🤖 AI Summary
This work addresses the long-standing open problem of convergence and sample complexity in stochastic bilevel optimization: Can the optimal $O(1/varepsilon^2)$ sample complexity—matching that of single-level stochastic optimization—be achieved? To this end, we propose PnPBO, a plug-and-play single-loop framework that flexibly incorporates diverse stochastic gradient estimators (e.g., PAGE, ZeroSARAH) and introduces upper-level variable moving averaging for enhanced stability. For the first time, we establish a unified convergence analysis accommodating both biased and unbiased gradient estimators, rigorously proving convergence to an $varepsilon$-stationary point with optimal $O(1/varepsilon^2)$ sample complexity.

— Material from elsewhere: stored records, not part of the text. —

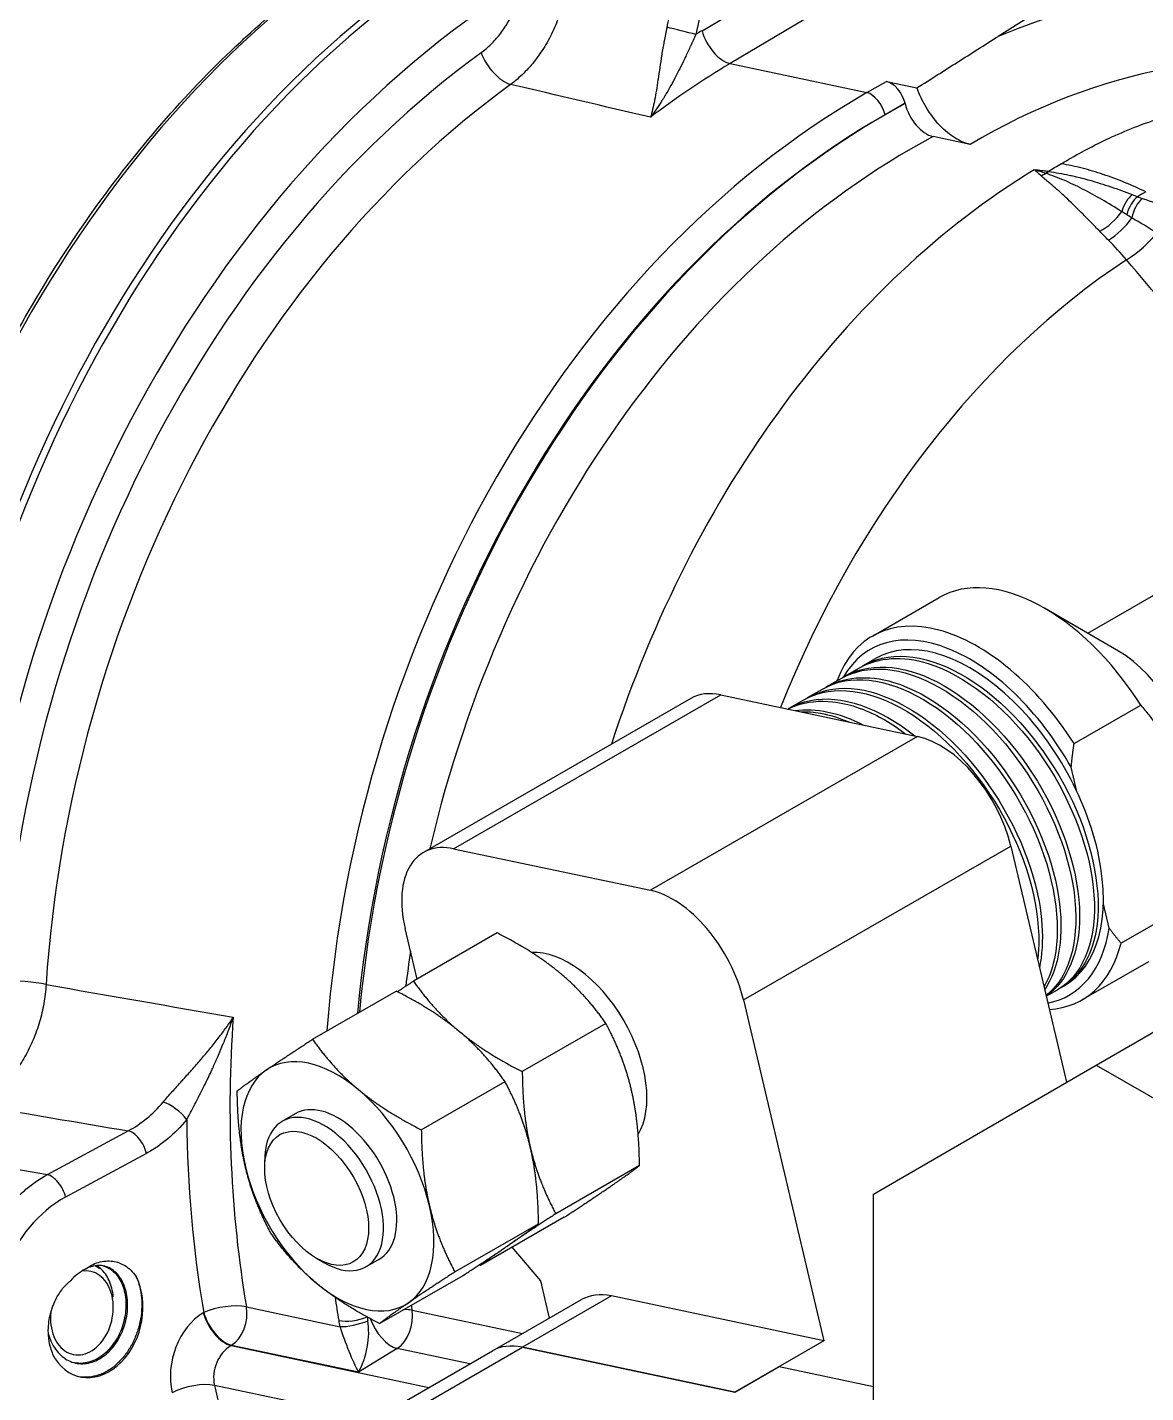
# Model space of a CAD drawing. Header units: millimetres. Extents: x 0 to 7722, y 0 to 5460.
# Drawn here: x 4449.3 to 4502.6, y 3614.8 to 3679.8 of the extents above; entities that cross this region are included whole.
import ezdxf

# ---------------------------------------------------------------- set-up
doc = ezdxf.new("R2010")
doc.units = ezdxf.units.MM
doc.header["$LTSCALE"] = 5
doc.layers.get('0').update_dxf_attribs({"linetype": 'CONTINUOUS'})

# ---------------------------------------------------------------- blocks, each defined once
blk = doc.blocks.new('RWFWFWEWEFWEFWEF')
for p, q in [((-29.02, 45.399), (-17.073, 52.494)), ((-13.839, 52.058), (-27.69, 43.833)), ((-5.867, 50.815), (-14.917, 45.13)), ((-50.899, 44.966), (-50.913, 44.969)), ((-27.69, 43.833), (-21.167, 42.454)), ((-21.167, 42.454), (-20.241, 42.986)), ((-20.241, 42.986), (-18.784, 42.678)), ((-19.354, 41.943), (-20.299, 41.4)), ((-19.35, 41.927), (-19.354, 41.943)), ((-16.252, 39.986), (-18.018, 40.359)), ((-10.652, 16.698), (-0.378, 22.614)), ((-20.905, 16.564), (-17.723, 18.396)), ((-9.183, 15.846), (-12.705, 17.89)), ((-22.225, 14.649), (-21.518, 15.056)), ((-21.341, 15.158), (-20.759, 15.493)), ((-23.109, 14.14), (-22.402, 14.547)), ((-40.858, 6.434), (-28.13, 13.764)), ((-28.13, 13.764), (-18.756, 11.783)), ((-23.993, 13.631), (-23.286, 14.038)), ((-29.562, 13.586), (-42.29, 6.256)), ((-24.877, 13.122), (-24.17, 13.529)), ((-11.302, 11.439), (-8.12, 13.271)), ((-18.756, 11.783), (-31.484, 4.453)), ((-11.165, 9.151), (-11.438, 10.31)), ((-27.049, -0.77), (-14.321, 6.559)), ((-14.321, 6.559), (-11.669, -4.696)), ((-40.858, 6.434), (-31.484, 4.453)), ((-10.253, -3.875), (3.889, 4.269)), ((-9.634, 2.655), (-9.907, 3.814)), ((-5.88, 3.766), (-9.062, 1.934)), ((-42.598, 0.222), (-43.167, 2.636)), ((-38.781, 2.42), (-42.768, 0.124)), ((-37.104, 1.466), (-37.053, 1.495)), ((-10.924, -0.768), (-7.742, 1.064)), ((-47.576, -2.645), (-43.589, -0.349)), ((-12.634, -0.599), (-12.094, -0.288)), ((-11.917, -0.186), (-11.777, -0.105)), ((-27.049, -0.77), (-23.222, -17.009)), ((-33.599, -1.892), (-37.586, -4.188)), ((-20.86, -10.03), (-10.253, -3.875)), ((-10.253, -3.875), (14.496, -18.127)), ((-42.395, -6.957), (-38.408, -4.661)), ((-49.023, -6.553), (-48.387, -6.186)), ((-60.208, -9.093), (-56.354, -7.01)), ((-70.477, -7.267), (-60.208, -9.093)), ((-32.066, -7.173), (-32.063, -7.171)), ((-55.487, -8.079), (-59.342, -10.162)), ((-49.856, -8.797), (-49.856, -8.39)), ((-32.003, -8.663), (-35.991, -10.959)), ((-61.16, -9.736), (-61.161, -9.736)), ((-20.86, -61.568), (-20.86, -10.03)), ((-40.799, -13.728), (-36.812, -11.432)), ((-35.589, -11.122), (-39.576, -13.418)), ((-36.709, -14.159), (-38.073, -12.553)), ((-47.39, -13.078), (-47.038, -13.283)), ((-45.031, -13.485), (-44.395, -13.119)), ((-44.384, -16.187), (-40.397, -13.891)), ((-36.293, -15.926), (-36.709, -14.159)), ((-33.338, -14.871), (-37.58, -17.315)), ((-23.222, -17.009), (-33.338, -14.871)), ((-50.726, -15.394), (-46.268, -16.336)), ((-42.838, -15.556), (-37.579, -16.667)), ((-39.012, -17.492), (-34.77, -15.049)), ((-52.787, -15.675), (-52.762, -15.66)), ((-51.433, -17.225), (-51.458, -17.24)), ((-51.458, -17.24), (-42.032, -19.231)), ((-45.388, -18.502), (-51.433, -17.225)), ((-51.033, -24.415), (-39.012, -17.492)), ((-49.601, -24.237), (-37.58, -17.315)), ((-43.547, -17.377), (-45.388, -18.502)), ((-40.083, -18.109), (-43.547, -17.377)), ((-37.58, -17.315), (-27.465, -19.452)), ((-27.465, -19.452), (-37.58, -17.315)), ((-23.222, -17.009), (-27.465, -19.452)), ((-27.465, -19.452), (-25.343, -18.231)), ((-25.343, -18.231), (-20.86, -19.178)), ((-44.649, -20.738), (-52.249, -19.132))]:
    blk.add_line(p, q)
for centre, major_axis, ratio, start_param, end_param in [((-49.006, 7.904), (9.968, 47.171), 0.724502, 0.264718, 1.929564), ((-8.637, -0.656), (-9.392, -47.584), 0.714349, 2.725193, 3.590206), ((-32.113, 4.334), (10.626, 50.283), 0.724502, 0.69567, 1.804405), ((-28.741, 3.622), (-10.599, -50.155), 0.724502, 3.83544, 4.947821), ((-28.413, 3.552), (10.596, 50.143), 0.724502, 0.691442, 1.806916), ((-24.246, 2.711), (12.918, 49.784), 0.754122, 0.72933, 1.840649), ((-29.974, 45.373), (-0.97, 0.243), 0.014153, 3.973862, 5.543009), ((-35.494, 5.049), (-9.968, -47.171), 0.724502, 3.868834, 3.873367), ((-17.559, 1.281), (-11.284, -48.202), 0.739482, 3.759719, 3.768124), ((-28.037, 45.17), (0.766, -1.29), 0.548916, 4.227149, 5.79726), ((-24.24, 2.714), (-12.438, -47.935), 0.754121, 3.885066, 4.958822), ((-38.597, 44.104), (0.884, -1.212), 0.484858, 4.18049, 5.744339), ((-6.577, -1.062), (8.773, 44.649), 0.713675, 6.273026, 6.84893), ((-16.576, 1.051), (10.975, 46.734), 0.739945, 0.618663, 0.730688), ((-20.029, 42.084), (-0.499, 0.867), 0.579084, 4.234991, 5.804418), ((-23.286, 2.469), (12.135, 46.464), 0.755022, 0.744706, 1.818462), ((-10.032, -0.332), (12.013, 46.494), 0.75352, 0.635692, 1.803606), ((-360.042, 73.632), (-1355.808, 309.001), 0.030679, 4.474614, 4.479673), ((-20.936, 41.563), (0.498, -0.867), 0.529386, 1.094009, 2.663435), ((-9.298, -0.443), (11.81, 45.514), 0.754121, 0.611998, 1.783772), ((-48.98, 7.884), (-12.405, -44.217), 0.707389, 2.613329, 2.61333), ((-18.337, 41.713), (0.75, -1.3), 0.578608, 4.233285, 5.803991), ((-9.395, -0.495), (-11.81, -45.514), 0.754121, 3.778101, 4.925448), ((-8.344, -0.689), (-11.507, -44.044), 0.755071, 3.753221, 4.747906), ((7.984, 16.577), (27.363, -14.954), 0.76945, 2.702924, 2.731213), ((-2.815, -1.857), (9.407, 44.517), 0.724502, 0.597884, 1.423691), ((-13.151, 39.812), (0.965, 1.149), 0.842799, 4.123556, 4.296866), ((-12.324, 37.799), (-0.126, -0.992), 0.657285, 3.680532, 3.853657), ((-12.29, 37.795), (-0.119, -0.993), 0.650553, 3.675853, 3.859102), ((-8.493, 36.756), (-0.358, -0.934), 0.515985, 3.840724, 4.880748), ((-8.257, 36.665), (-0.366, -0.931), 0.502771, 3.846341, 4.938836), ((-8.019, 36.576), (-0.333, -0.943), 0.489207, 3.825851, 4.982543), ((-28.613, -1.493), (-51.177, -45.9), 0.28058, 4.0623, 4.070365), ((-9.83, 36.821), (1.065, 1.056), 0.423668, 4.098242, 5.082487), ((-9.352, 36.339), (1.058, 1.063), 0.34739, 4.092638, 5.171699), ((-8.361, 35.264), (1.144, 0.97), 0.246232, 4.113835, 5.52509), ((-12.122, 29.101), (-4.915, 8.698), 0.581803, 5.02335, 5.156759), ((1.954, -2.865), (-8.802, -41.651), 0.724502, 3.774826, 4.47409), ((-13.991, 0.505), (-9.151, -43.307), 0.724502, 4.009347, 4.009392), ((-12.733, 9.73), (-4.99, 8.666), 0.578093, 4.789168, 6.283185), ((-15.915, 7.898), (-4.99, 8.666), 0.578093, 4.789168, 6.734212), ((-16.268, 7.694), (4.491, -7.799), 0.578093, 0, 3.141593), ((-16.268, 7.694), (-4.741, 8.233), 0.578093, 4.697312, 6.609304), ((-9.197, 11.766), (2.495, -4.333), 0.578093, 0.787332, 2.354261), ((-27.067, 9.253), (-2.495, 4.333), 0.578093, 5.805153, 6.283185), ((-13.991, 0.505), (-9.151, -43.307), 0.724502, 4.60391, 4.603998), ((-17.693, 7.272), (-2.495, 4.333), 0.578093, 4.234357, 5.805153), ((-39.795, 1.923), (-2.495, 4.333), 0.578093, 5.805153, 7.37595), ((-30.421, -0.058), (2.495, -4.333), 0.578093, 1.092764, 2.663561), ((-16.268, 7.694), (4.741, -8.233), 0.578093, 6.084635, 6.912995), ((-8.344, -0.689), (-11.507, -44.044), 0.755071, 4.857186, 4.894378), ((-35.36, -3.3), (-2.62, 4.55), 0.578093, 3.4499, 6.000941), ((-15.915, 7.898), (4.99, -8.666), 0.578093, 6.0059, 6.821139), ((-61.376, -0.128), (1.497, -0.1), 0.158526, 0.751136, 2.273004), ((-519.891, 107.41), (-1380.894, 250.1), 0.018019, 1.913373, 1.920231), ((-14.389, 0.589), (12.135, 46.464), 0.755022, 1.811604, 2.109732), ((-46.391, -9.652), (-3.244, 5.633), 0.578093, 5.281555, 6.328752), ((-46.391, -9.652), (-3.244, 5.633), 0.578093, 0.045567, 1.092764), ((-46.391, -9.652), (-3.244, 5.633), 0.578093, 4.234357, 5.281555), ((-518.509, 101.977), (-1379.728, 244.56), 0.020213, 1.91042, 1.915941), ((-54.206, -6.311), (-0.769, 0.639), 0.348932, 4.076118, 5.646503), ((-46.391, -9.652), (1.996, -3.466), 0.578093, 6.276769, 9.431195), ((-15.344, 0.834), (-12.438, -47.935), 0.754121, 5.055827, 5.250092), ((-47.027, -10.019), (1.996, -3.466), 0.578093, 5.495853, 10.21211), ((-56.123, -7.916), (-0.475, 0.88), 0.538868, 4.249559, 5.8465), ((-59.978, -9.998), (-0.475, 0.88), 0.538868, 4.249559, 5.8465), ((-46.391, -9.652), (3.244, -5.633), 0.578093, 4.234357, 5.281555), ((-58, -15.822), (1.577, 6.079), 0.754122, 0.611702, 3.75055), ((-46.391, -9.652), (3.244, -5.633), 0.578093, 0.045567, 1.092764), ((-58.563, -15.678), (0.419, 1.981), 0.724502, 1.707748, 6.574003), ((-57.968, -15.804), (0.603, 2.324), 0.754121, 0.567251, 0.988712), ((-57.968, -15.804), (0.754, 2.905), 0.754121, 2.53306, 5.584333), ((-46.391, -9.652), (3.244, -5.633), 0.578093, 5.281555, 6.328752), ((-10.032, -0.332), (12.013, 46.494), 0.75352, 2.0766, 2.101145), ((-32.274, -19.382), (-2.495, 4.333), 0.578093, 5.805153, 6.283185), ((-51.807, -15.905), (-1.479, -0.252), 0.335189, 3.837238, 5.355813), ((-51.807, -15.905), (-0.31, -1.468), 0.724502, 0.628264, 2.074076), ((-43.921, -16.057), (0.31, 1.468), 0.724502, 3.769856, 5.208982), ((-43.921, -16.057), (-1.48, -0.243), 0.331398, 3.839104, 4.159439), ((-8.344, -0.689), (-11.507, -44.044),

Empirical evaluations on hyperparameter optimization and data distillation demonstrate that PnPBO significantly outperforms existing methods, thereby resolving the fundamental question of whether bilevel optimization can achieve sample efficiency on par with its single-level counterpart.
📝 Abstract
Bilevel optimization has recently attracted significant attention in machine learning due to its wide range of applications and advanced hierarchical optimization capabilities. In this paper, we propose a plug-and-play framework, named PnPBO, for developing and analyzing stochastic bilevel optimization methods. This framework integrates both modern unbiased and biased stochastic estimators into the single-loop bilevel optimization framework introduced in [9], with several improvements. In the implementation of PnPBO, all stochastic estimators for different variables can be independently incorporated, and an additional moving average technique is applied when using an unbiased estimator for the upper-level variable. In the theoretical analysis, we provide a unified convergence and complexity analysis for PnPBO, demonstrating that the adaptation of various stochastic estimators (including PAGE, ZeroSARAH, and mixed strategies) within the PnPBO framework achieves optimal sample complexity, comparable to that of single-level optimization. This resolves the open question of whether the optimal complexity bounds for solving bilevel optimization are identical to those for single-level optimization. Finally, we empirically validate our framework, demonstrating its effectiveness on several benchmark problems and confirming our theoretical findings.